[Records from a data source]

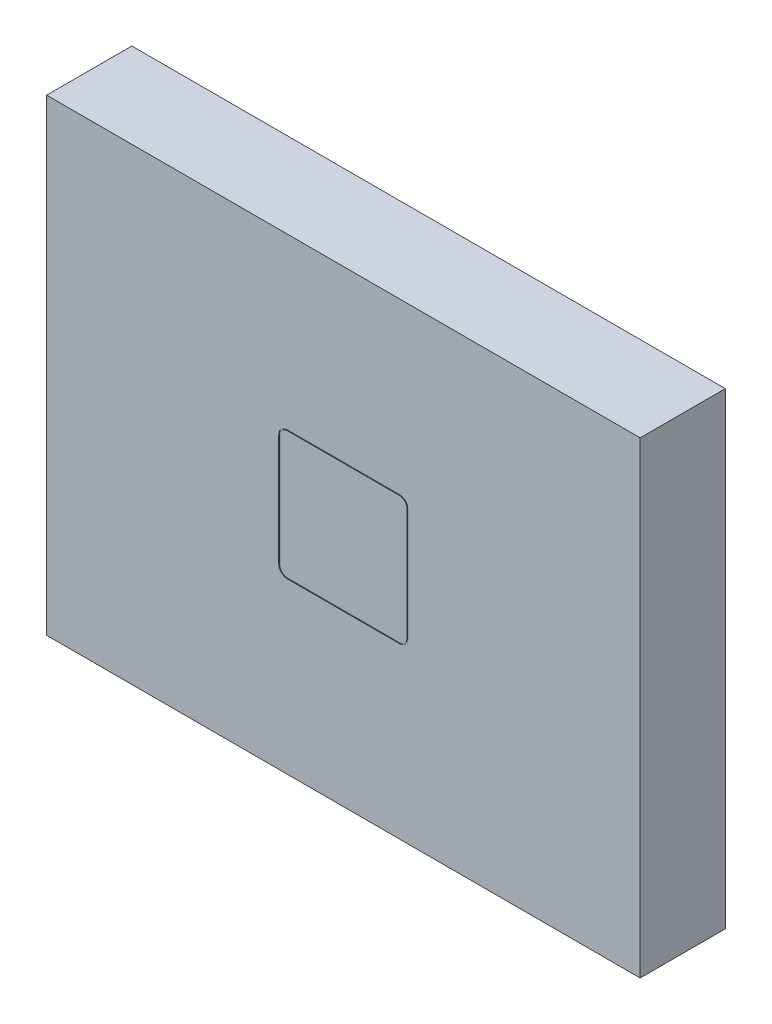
from build123d import *

# Parameters (mm, degrees)
SKETCH1_W           = 67000
SKETCH1_H           = 85000
BOSS_EXTRUDE1_DEPTH = 12195.2
CUT_EXTRUDE1_DEPTH  = 82.55


with BuildPart() as part:
    # Sketch1 → Boss-Extrude1 (new body)
    with BuildSketch(Plane(origin=(0, 0, 0), x_dir=(0, 1, 0), z_dir=(0, 0, 1))):
        Rectangle(SKETCH1_W, SKETCH1_H)
    extrude(amount=BOSS_EXTRUDE1_DEPTH)

    # Sketch4 → Cut-Extrude1 (cut)
    with BuildSketch(Plane.XY.offset(12195.2)):
        with BuildLine():
            Line((-9263.89, 8000.72), (-9263.89, -8000.72))
            ThreePointArc((-9263.89, -8000.72), (-8893.916072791, -8893.916072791), (-8000.72, -9263.89))
            Line((-8000.72, -9263.89), (8000.72, -9263.89))
            ThreePointArc((8000.72, -9263.89), (8893.916072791, -8893.916072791), (9263.89, -8000.72))
            Line((9263.89, -8000.72), (9263.89, 8000.72))
            ThreePointArc((9263.89, 8000.72), (8893.916072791, 8893.916072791), (8000.72, 9263.89))
            Line((8000.72, 9263.89), (-8000.72, 9263.89))
            ThreePointArc((-8000.72, 9263.89), (-8893.916072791, 8893.916072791), (-9263.89, 8000.72))
        make_face()
        with BuildLine():
            Line((-9111.49, 8000.72), (-9111.49, -8000.72))
            ThreePointArc((-9111.49, -8000.72), (-8786.152999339, -8786.152999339), (-8000.72, -9111.49))
            Line((-8000.72, -9111.49), (8000.72, -9111.49))
            ThreePointArc((8000.72, -9111.49), (8786.152999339, -8786.152999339), (9111.49, -8000.72))
            Line((9111.49, -8000.72), (9111.49, 8000.72))
            ThreePointArc((9111.49, 8000.72), (8786.152999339, 8786.152999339), (8000.72, 9111.49))
            Line((8000.72, 9111.49), (-8000.72, 9111.49))
            ThreePointArc((-8000.72, 9111.49), (-8786.152999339, 8786.152999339), (-9111.49, 8000.72))
        make_face(mode=Mode.SUBTRACT)
    extrude(amount=-CUT_EXTRUDE1_DEPTH, mode=Mode.SUBTRACT)


solid = part.part

## WORK INSTRUCTION:
Please write out only the lines from the one containing "8786.152999339), (8000.72, 9111.49))" to the end of the records above, exactly, both ends included.

## THE COMPLETED TASK:
            ThreePointArc((9111.49, 8000.72), (8786.152999339, 8786.152999339), (8000.72, 9111.49))
            Line((8000.72, 9111.49), (-8000.72, 9111.49))
            ThreePointArc((-8000.72, 9111.49), (-8786.152999339, 8786.152999339), (-9111.49, 8000.72))
        make_face(mode=Mode.SUBTRACT)
    extrude(amount=-CUT_EXTRUDE1_DEPTH, mode=Mode.SUBTRACT)


solid = part.part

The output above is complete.